[WORK TO COMPLETE] Pull each line containing "mechanical" out of the listing below.

[DATASET EXCERPTS]
++++
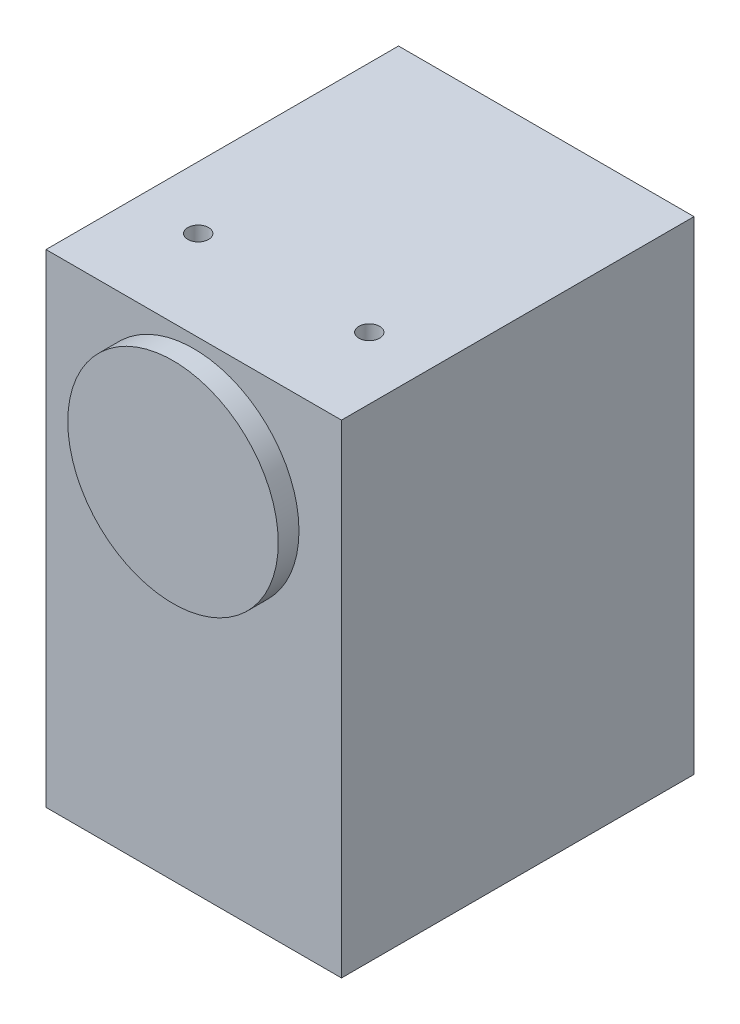
ISO-10303-21;
HEADER;
FILE_DESCRIPTION(('STEP AP214'),'2;1');
FILE_NAME('part.step','',(''),(''),'','','');
FILE_SCHEMA(('AUTOMOTIVE_DESIGN { 1 0 10303 214 1 1 1 1 }'));
ENDSEC;
DATA;
#1=APPLICATION_CONTEXT('core data for automotive mechanical design processes');
#2=APPLICATION_PROTOCOL_DEFINITION('international standard','automotive_design',2000,#1);
#3=PRODUCT_CONTEXT('',#1,'mechanical');
#4=PRODUCT('Part','Part','',(#3));
#5=PRODUCT_RELATED_PRODUCT_CATEGORY('part','',(#4));
#6=PRODUCT_DEFINITION_FORMATION('','',#4);
#7=PRODUCT_DEFINITION_CONTEXT('part definition',#1,'design');
#8=PRODUCT_DEFINITION('design','',#6,#7);
#9=PRODUCT_DEFINITION_SHAPE('','',#8);
#10=(LENGTH_UNIT() NAMED_UNIT(*) SI_UNIT(.MILLI.,.METRE.));
#11=(NAMED_UNIT(*) PLANE_ANGLE_UNIT() SI_UNIT($,.RADIAN.));
#12=(NAMED_UNIT(*) SI_UNIT($,.STERADIAN.) SOLID_ANGLE_UNIT());
#13=UNCERTAINTY_MEASURE_WITH_UNIT(LENGTH_MEASURE(1.E-05),#10,'distance_accuracy_value','');
#14=(GEOMETRIC_REPRESENTATION_CONTEXT(3) GLOBAL_UNCERTAINTY_ASSIGNED_CONTEXT((#13)) GLOBAL_UNIT_ASSIGNED_CONTEXT((#10,
#11,#12)) REPRESENTATION_CONTEXT('',''));
#15=CARTESIAN_POINT('',(0.,0.,0.));
#16=DIRECTION('',(0.,0.,1.));
#17=DIRECTION('',(1.,0.,0.));
#18=AXIS2_PLACEMENT_3D('',#15,#16,#17);
#19=CARTESIAN_POINT('',(14.25,-23.3,34.));
#20=DIRECTION('',(-1.,0.,0.));
#21=DIRECTION('',(0.,0.,1.));
#22=AXIS2_PLACEMENT_3D('',#19,#20,#21);
#23=PLANE('',#22);
#24=DIRECTION('',(0.,1.,0.));
#25=VECTOR('',#24,1.);
#26=CARTESIAN_POINT('',(14.25,-23.3,0.));
#27=LINE('',#26,#25);
#28=CARTESIAN_POINT('',(14.25,-23.3,0.));
#29=VERTEX_POINT('',#28);
#30=CARTESIAN_POINT('',(14.25,23.3,0.));
#31=VERTEX_POINT('',#30);
#32=EDGE_CURVE('E99',#29,#31,#27,.T.);
#33=ORIENTED_EDGE('',*,*,#32,.T.);
#34=DIRECTION('',(0.,0.,-1.));
#35=VECTOR('',#34,1.);
#36=CARTESIAN_POINT('',(14.25,23.3,34.));
#37=LINE('',#36,#35);
#38=CARTESIAN_POINT('',(14.25,23.3,34.));
#39=VERTEX_POINT('',#38);
#40=EDGE_CURVE('E36',#39,#31,#37,.T.);
#41=ORIENTED_EDGE('',*,*,#40,.F.);
#42=DIRECTION('',(0.,1.,0.));
#43=VECTOR('',#42,1.);
#44=CARTESIAN_POINT('',(14.25,-23.3,34.));
#45=LINE('',#44,#43);
#46=CARTESIAN_POINT('',(14.25,-23.3,34.));
#47=VERTEX_POINT('',#46);
#48=EDGE_CURVE('E86',#47,#39,#45,.T.);
#49=ORIENTED_EDGE('',*,*,#48,.F.);
#50=DIRECTION('',(0.,0.,-1.));
#51=VECTOR('',#50,1.);
#52=CARTESIAN_POINT('',(14.25,-23.3,34.));
#53=LINE('',#52,#51);
#54=EDGE_CURVE('E95',#47,#29,#53,.T.);
#55=ORIENTED_EDGE('',*,*,#54,.T.);
#56=EDGE_LOOP('',(#33,#41,#49,#55));
#57=FACE_BOUND('',#56,.T.);
#58=ADVANCED_FACE('F33',(#57),#23,.F.);
#59=CARTESIAN_POINT('',(-14.25,23.3,34.));
#60=DIRECTION('',(0.,-1.,0.));
#61=DIRECTION('',(0.,0.,-1.));
#62=AXIS2_PLACEMENT_3D('',#59,#60,#61);
#63=PLANE('',#62);
#64=CARTESIAN_POINT('',(-8.24999999999999,23.3,25.3193900829955));
#65=DIRECTION('',(0.,1.,0.));
#66=DIRECTION('',(0.,0.,1.));
#67=AXIS2_PLACEMENT_3D('',#64,#65,#66);
#68=CIRCLE('',#67,1.);
#69=CARTESIAN_POINT('',(-8.24999999999999,23.3,26.3193900829955));
#70=VERTEX_POINT('',#69);
#71=EDGE_CURVE('E122',#70,#70,#68,.T.);
#72=ORIENTED_EDGE('',*,*,#71,.F.);
#73=EDGE_LOOP('',(#72));
#74=FACE_BOUND('',#73,.T.);
#75=CARTESIAN_POINT('',(8.25000000000001,23.3,25.3193900829955));
#76=DIRECTION('',(0.,1.,0.));
#77=DIRECTION('',(0.,0.,1.));
#78=AXIS2_PLACEMENT_3D('',#75,#76,#77);
#79=CIRCLE('',#78,1.);
#80=CARTESIAN_POINT('',(8.25000000000001,23.3,26.3193900829955));
#81=VERTEX_POINT('',#80);
#82=EDGE_CURVE('E116',#81,#81,#79,.T.);
#83=ORIENTED_EDGE('',*,*,#82,.F.);
#84=EDGE_LOOP('',(#83));
#85=FACE_BOUND('',#84,.T.);
#86=DIRECTION('',(-1.,0.,0.));
#87=VECTOR('',#86,1.);
#88=CARTESIAN_POINT('',(-14.25,23.3,0.));
#89=LINE('',#88,#87);
#90=CARTESIAN_POINT('',(-14.25,23.3,0.));
#91=VERTEX_POINT('',#90);
#92=EDGE_CURVE('E91',#31,#91,#89,.T.);
#93=ORIENTED_EDGE('',*,*,#92,.T.);
#94=DIRECTION('',(0.,0.,-1.));
#95=VECTOR('',#94,1.);
#96=CARTESIAN_POINT('',(-14.25,23.3,34.));
#97=LINE('',#96,#95);
#98=CARTESIAN_POINT('',(-14.25,23.3,34.));
#99=VERTEX_POINT('',#98);
#100=EDGE_CURVE('E89',#99,#91,#97,.T.);
#101=ORIENTED_EDGE('',*,*,#100,.F.);
#102=DIRECTION('',(-1.,0.,0.));
#103=VECTOR('',#102,1.);
#104=CARTESIAN_POINT('',(-14.25,23.3,34.));
#105=LINE('',#104,#103);
#106=EDGE_CURVE('E81',#39,#99,#105,.T.);
#107=ORIENTED_EDGE('',*,*,#106,.F.);
#108=ORIENTED_EDGE('',*,*,#40,.T.);
#109=EDGE_LOOP('',(#93,#101,#107,#108));
#110=FACE_BOUND('',#109,.T.);
#111=ADVANCED_FACE('F90',(#74,#85,#110),#63,.F.);
#112=CARTESIAN_POINT('',(-14.25,-23.3,34.));
#113=DIRECTION('',(1.,0.,0.));
#114=DIRECTION('',(0.,0.,-1.));
#115=AXIS2_PLACEMENT_3D('',#112,#113,#114);
#116=PLANE('',#115);
#117=DIRECTION('',(0.,-1.,0.));
#118=VECTOR('',#117,1.);
#119=CARTESIAN_POINT('',(-14.25,-23.3,0.));
#120=LINE('',#119,#118);
#121=CARTESIAN_POINT('',(-14.25,-23.3,0.));
#122=VERTEX_POINT('',#121);
#123=EDGE_CURVE('E67',#91,#122,#120,.T.);
#124=ORIENTED_EDGE('',*,*,#123,.T.);
#125=DIRECTION('',(0.,0.,-1.));
#126=VECTOR('',#125,1.);
#127=CARTESIAN_POINT('',(-14.25,-23.3,34.));
#128=LINE('',#127,#126);
#129=CARTESIAN_POINT('',(-14.25,-23.3,34.));
#130=VERTEX_POINT('',#129);
#131=EDGE_CURVE('E92',#130,#122,#128,.T.);
#132=ORIENTED_EDGE('',*,*,#131,.F.);
#133=DIRECTION('',(0.,-1.,0.));
#134=VECTOR('',#133,1.);
#135=CARTESIAN_POINT('',(-14.25,-23.3,34.));
#136=LINE('',#135,#134);
#137=EDGE_CURVE('E84',#99,#130,#136,.T.);
#138=ORIENTED_EDGE('',*,*,#137,.F.);
#139=ORIENTED_EDGE('',*,*,#100,.T.);
#140=EDGE_LOOP('',(#124,#132,#138,#139));
#141=FACE_BOUND('',#140,.T.);
#142=ADVANCED_FACE('F93',(#141),#116,.F.);
#143=CARTESIAN_POINT('',(-14.25,-23.3,34.));
#144=DIRECTION('',(0.,1.,0.));
#145=DIRECTION('',(0.,0.,1.));
#146=AXIS2_PLACEMENT_3D('',#143,#144,#145);
#147=PLANE('',#146);
#148=DIRECTION('',(1.,0.,0.));
#149=VECTOR('',#148,1.);
#150=CARTESIAN_POINT('',(-14.25,-23.3,0.));
#151=LINE('',#150,#149);
#152=EDGE_CURVE('E73',#122,#29,#151,.T.);
#153=ORIENTED_EDGE('',*,*,#152,.T.);
#154=ORIENTED_EDGE('',*,*,#54,.F.);
#155=DIRECTION('',(1.,0.,0.));
#156=VECTOR('',#155,1.);
#157=CARTESIAN_POINT('',(-14.25,-23.3,34.));
#158=LINE('',#157,#156);
#159=EDGE_CURVE('E50',#130,#47,#158,.T.);
#160=ORIENTED_EDGE('',*,*,#159,.F.);
#161=ORIENTED_EDGE('',*,*,#131,.T.);
#162=EDGE_LOOP('',(#153,#154,#160,#161));
#163=FACE_BOUND('',#162,.T.);
#164=ADVANCED_FACE('F107',(#163),#147,.F.);
#165=CARTESIAN_POINT('',(0.,0.,34.));
#166=DIRECTION('',(0.,0.,-1.));
#167=DIRECTION('',(-1.,0.,0.));
#168=AXIS2_PLACEMENT_3D('',#165,#166,#167);
#169=PLANE('',#168);
#170=CARTESIAN_POINT('',(0.,12.,34.));
#171=DIRECTION('',(0.,0.,1.));
#172=DIRECTION('',(1.,0.,0.));
#173=AXIS2_PLACEMENT_3D('',#170,#171,#172);
#174=CIRCLE('',#173,10.15);
#175=CARTESIAN_POINT('',(10.15,12.,34.));
#176=VERTEX_POINT('',#175);
#177=EDGE_CURVE('E11',#176,#176,#174,.T.);
#178=ORIENTED_EDGE('',*,*,#177,.F.);
#179=EDGE_LOOP('',(#178));
#180=FACE_BOUND('',#179,.T.);
#181=ORIENTED_EDGE('',*,*,#48,.T.);
#182=ORIENTED_EDGE('',*,*,#106,.T.);
#183=ORIENTED_EDGE('',*,*,#137,.T.);
#184=ORIENTED_EDGE('',*,*,#159,.T.);
#185=EDGE_LOOP('',(#181,#182,#183,#184));
#186=FACE_BOUND('',#185,.T.);
#187=ADVANCED_FACE('F82',(#180,#186),#169,.F.);
#188=CARTESIAN_POINT('',(0.,0.,0.));
#189=DIRECTION('',(0.,0.,-1.));
#190=DIRECTION('',(-1.,0.,0.));
#191=AXIS2_PLACEMENT_3D('',#188,#189,#190);
#192=PLANE('',#191);
#193=ORIENTED_EDGE('',*,*,#32,.F.);
#194=ORIENTED_EDGE('',*,*,#152,.F.);
#195=ORIENTED_EDGE('',*,*,#123,.F.);
#196=ORIENTED_EDGE('',*,*,#92,.F.);
#197=EDGE_LOOP('',(#193,#194,#195,#196));
#198=FACE_BOUND('',#197,.T.);
#199=ADVANCED_FACE('F110',(#198),#192,.T.);
#200=CARTESIAN_POINT('',(0.,12.,36.));
#201=DIRECTION('',(0.,0.,-1.));
#202=DIRECTION('',(-1.,0.,0.));
#203=AXIS2_PLACEMENT_3D('',#200,#201,#202);
#204=CYLINDRICAL_SURFACE('',#203,10.15);
#205=CARTESIAN_POINT('',(0.,12.,36.));
#206=DIRECTION('',(0.,0.,1.));
#207=DIRECTION('',(1.,0.,0.));
#208=AXIS2_PLACEMENT_3D('',#205,#206,#207);
#209=CIRCLE('',#208,10.15);
#210=CARTESIAN_POINT('',(10.15,12.,36.));
#211=VERTEX_POINT('',#210);
#212=EDGE_CURVE('E102',#211,#211,#209,.T.);
#213=ORIENTED_EDGE('',*,*,#212,.F.);
#214=EDGE_LOOP('',(#213));
#215=FACE_BOUND('',#214,.T.);
#216=ORIENTED_EDGE('',*,*,#177,.T.);
#217=EDGE_LOOP('',(#216));
#218=FACE_BOUND('',#217,.T.);
#219=ADVANCED_FACE('F152',(#215,#218),#204,.T.);
#220=CARTESIAN_POINT('',(0.,12.,36.));
#221=DIRECTION('',(0.,0.,1.));
#222=DIRECTION('',(1.,0.,0.));
#223=AXIS2_PLACEMENT_3D('',#220,#221,#222);
#224=PLANE('',#223);
#225=ORIENTED_EDGE('',*,*,#212,.T.);
#226=EDGE_LOOP('',(#225));
#227=FACE_BOUND('',#226,.T.);
#228=ADVANCED_FACE('F143',(#227),#224,.T.);
#229=CARTESIAN_POINT('',(8.25000000000001,21.3,25.3193900829955));
#230=DIRECTION('',(0.,1.,0.));
#231=DIRECTION('',(0.,0.,1.));
#232=AXIS2_PLACEMENT_3D('',#229,#230,#231);
#233=CYLINDRICAL_SURFACE('',#232,1.);
#234=CARTESIAN_POINT('',(8.25000000000001,21.3,25.3193900829955));
#235=DIRECTION('',(0.,1.,0.));
#236=DIRECTION('',(0.,0.,1.));
#237=AXIS2_PLACEMENT_3D('',#234,#235,#236);
#238=CIRCLE('',#237,1.);
#239=CARTESIAN_POINT('',(8.25000000000001,21.3,26.3193900829955));
#240=VERTEX_POINT('',#239);
#241=EDGE_CURVE('E119',#240,#240,#238,.T.);
#242=ORIENTED_EDGE('',*,*,#241,.F.);
#243=EDGE_LOOP('',(#242));
#244=FACE_BOUND('',#243,.T.);
#245=ORIENTED_EDGE('',*,*,#82,.T.);
#246=EDGE_LOOP('',(#245));
#247=FACE_BOUND('',#246,.T.);
#248=ADVANCED_FACE('F141',(#244,#247),#233,.F.);
#249=CARTESIAN_POINT('',(8.25000000000001,21.3,25.3193900829955));
#250=DIRECTION('',(0.,1.,0.));
#251=DIRECTION('',(0.,0.,1.));
#252=AXIS2_PLACEMENT_3D('',#249,#250,#251);
#253=PLANE('',#252);
#254=ORIENTED_EDGE('',*,*,#241,.T.);
#255=EDGE_LOOP('',(#254));
#256=FACE_BOUND('',#255,.T.);
#257=ADVANCED_FACE('F133',(#256),#253,.T.);
#258=CARTESIAN_POINT('',(-8.24999999999999,21.3,25.3193900829955));
#259=DIRECTION('',(0.,1.,0.));
#260=DIRECTION('',(0.,0.,1.));
#261=AXIS2_PLACEMENT_3D('',#258,#259,#260);
#262=CYLINDRICAL_SURFACE('',#261,1.);
#263=CARTESIAN_POINT('',(-8.24999999999999,21.3,25.3193900829955));
#264=DIRECTION('',(0.,1.,0.));
#265=DIRECTION('',(0.,0.,1.));
#266=AXIS2_PLACEMENT_3D('',#263,#264,#265);
#267=CIRCLE('',#266,1.);
#268=CARTESIAN_POINT('',(-8.24999999999999,21.3,26.3193900829955));
#269=VERTEX_POINT('',#268);
#270=EDGE_CURVE('E115',#269,#269,#267,.T.);
#271=ORIENTED_EDGE('',*,*,#270,.F.);
#272=EDGE_LOOP('',(#271));
#273=FACE_BOUND('',#272,.T.);
#274=ORIENTED_EDGE('',*,*,#71,.T.);
#275=EDGE_LOOP('',(#274));
#276=FACE_BOUND('',#275,.T.);
#277=ADVANCED_FACE('F130',(#273,#276),#262,.F.);
#278=CARTESIAN_POINT('',(-8.24999999999999,21.3,25.3193900829955));
#279=DIRECTION('',(0.,1.,0.));
#280=DIRECTION('',(0.,0.,1.));
#281=AXIS2_PLACEMENT_3D('',#278,#279,#280);
#282=PLANE('',#281);
#283=ORIENTED_EDGE('',*,*,#270,.T.);
#284=EDGE_LOOP('',(#283));
#285=FACE_BOUND('',#284,.T.);
#286=ADVANCED_FACE('F128',(#285),#282,.T.);
#287=CLOSED_SHELL('',(#58,#111,#142,#164,#187,#199,#219,#228,#248,#257,#277,#286));
#288=MANIFOLD_SOLID_BREP('B2',#287);
#289=ADVANCED_BREP_SHAPE_REPRESENTATION('',(#18,#288),#14);
#290=SHAPE_DEFINITION_REPRESENTATION(#9,#289);
ENDSEC;
END-ISO-10303-21;
++++
[WRITTEN SOLUTION]
#1=APPLICATION_CONTEXT('core data for automotive mechanical design processes');
#3=PRODUCT_CONTEXT('',#1,'mechanical');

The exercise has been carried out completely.